François Louis Magallon garde
le commandement des troupes jusqu'au 28 juillet 1800, à la mort du gouverneur
Malartic, il devient gouverneur général des Isles de France et de La Réunion.
Magallon dirige ce gouvernement jusqu'à l'installation de Decaen, le 26
septembre 1803.
Le 27 septembre 1803, François
Louis Magallon, Comte de La Morlière est désigné, pour succéder à La Réunion
à Jacob de Cordemoy. C'est à la mis octobre que Magallon s'embarque pour
la Réunion sur le division Linois. Il prend possession de son gouvernement
le 18 octobre 1803.
La nouvelle organisation
adoptée est marquée du sceau de la restauration.

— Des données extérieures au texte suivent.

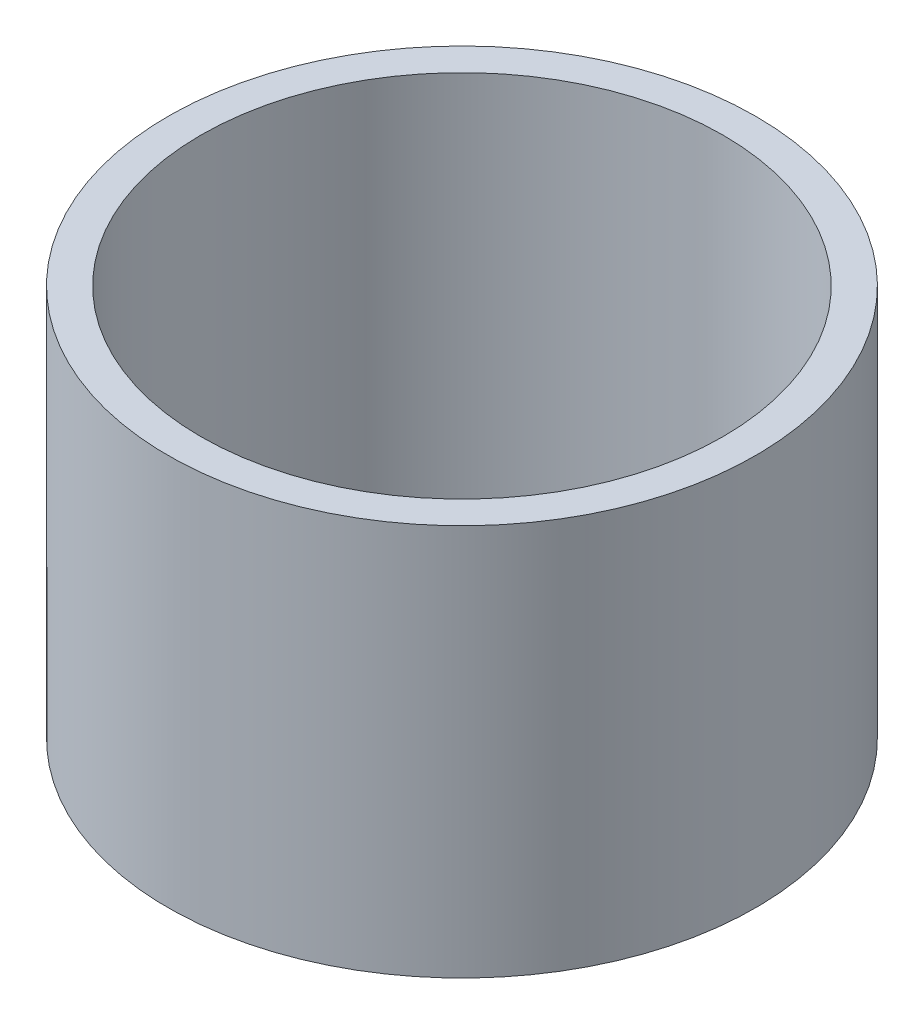
SolidWorks part; units mm, degrees
ref_plane "Front Plane" through (0, 0, 0) normal (0, 0, 1) x (1, 0, 0)
ref_plane "Top Plane" through (0, 0, 0) normal (0, 1, 0) x (1, 0, 0)
ref_plane "Right Plane" through (0, 0, 0) normal (1, 0, 0) x (0, 0, -1)
sketch "Sketch1" plane through (0, 0, 0) normal (0, 1, 0) x (1, 0, 0)
  circle A0 centre (0, 0) radius 12.7
  circle A1 centre (0, 0) radius 14.2875
  dimension "D1" = 25.4
  dimension "D2" = 28.575
extrude "Boss-Extrude1" add sketch "Sketch1" along normal blind 19.05

Supprimées les autorités
administratives, supprimés les tribunaux, dissoutes les assemblées. Le
nouveau régime tel qu'établit par le décret du 13 pluviôse an XI, et qui
reprend l'organisation antérieure à la révolution, est tricéphale. Il
comprend le capitaine général et chef militaire, le préfet colonial, chargé
de l'administration civile et de la police et un commissaire de justice
dont les attributs se rapprochent de celles d'un procureur général.
Mais c'est surtout une constitution
qui enlève désormais à La Réunion toute existence propre pour la placer
sous l'étroite dépendance des administrateurs siégeant à l'Isle de France.
François Louis Magallon, commandant de la colonie qui, par courtoisie,
jouit toujours du titre de gouverneur, n'est plus que le lieutenant du
capitaine général. Il doit appliquer ses ordres. Le chef de l'administration
qui prend le titre de sous-préfet, n'est que l'agent du préfet dans l'île,
et il n'est chargé que de l'exécution du service courant. Quand aux questions
judiciaires, elles relèvent de la compétence du commissaire de justice,
basé bien évidemment à l'Isle de France.
Restauration, centralisation,
mais aussi réaction telles sont les logiques principales de la nouvelle
constitution. C'est ainsi que l'esclavage qui, il est vrai, n'a jamais
été aboli aux Mascareignes, est conforté et la Traite protégée. Les esclaves
vont dés lors relever d'un droit criminel spécial.
Le 30 décembre 1805,
François Louis Magallon, Comte de La Morlière est remplacé par Nicolas
Ernault de Rignac, Baron des Bruslys.
Rentré en France, le général
Magallon commandant de la 15 e division militaire, prend sa retraite le
22 février 1815.
Il décède à Poissy le 31 décembre 1825.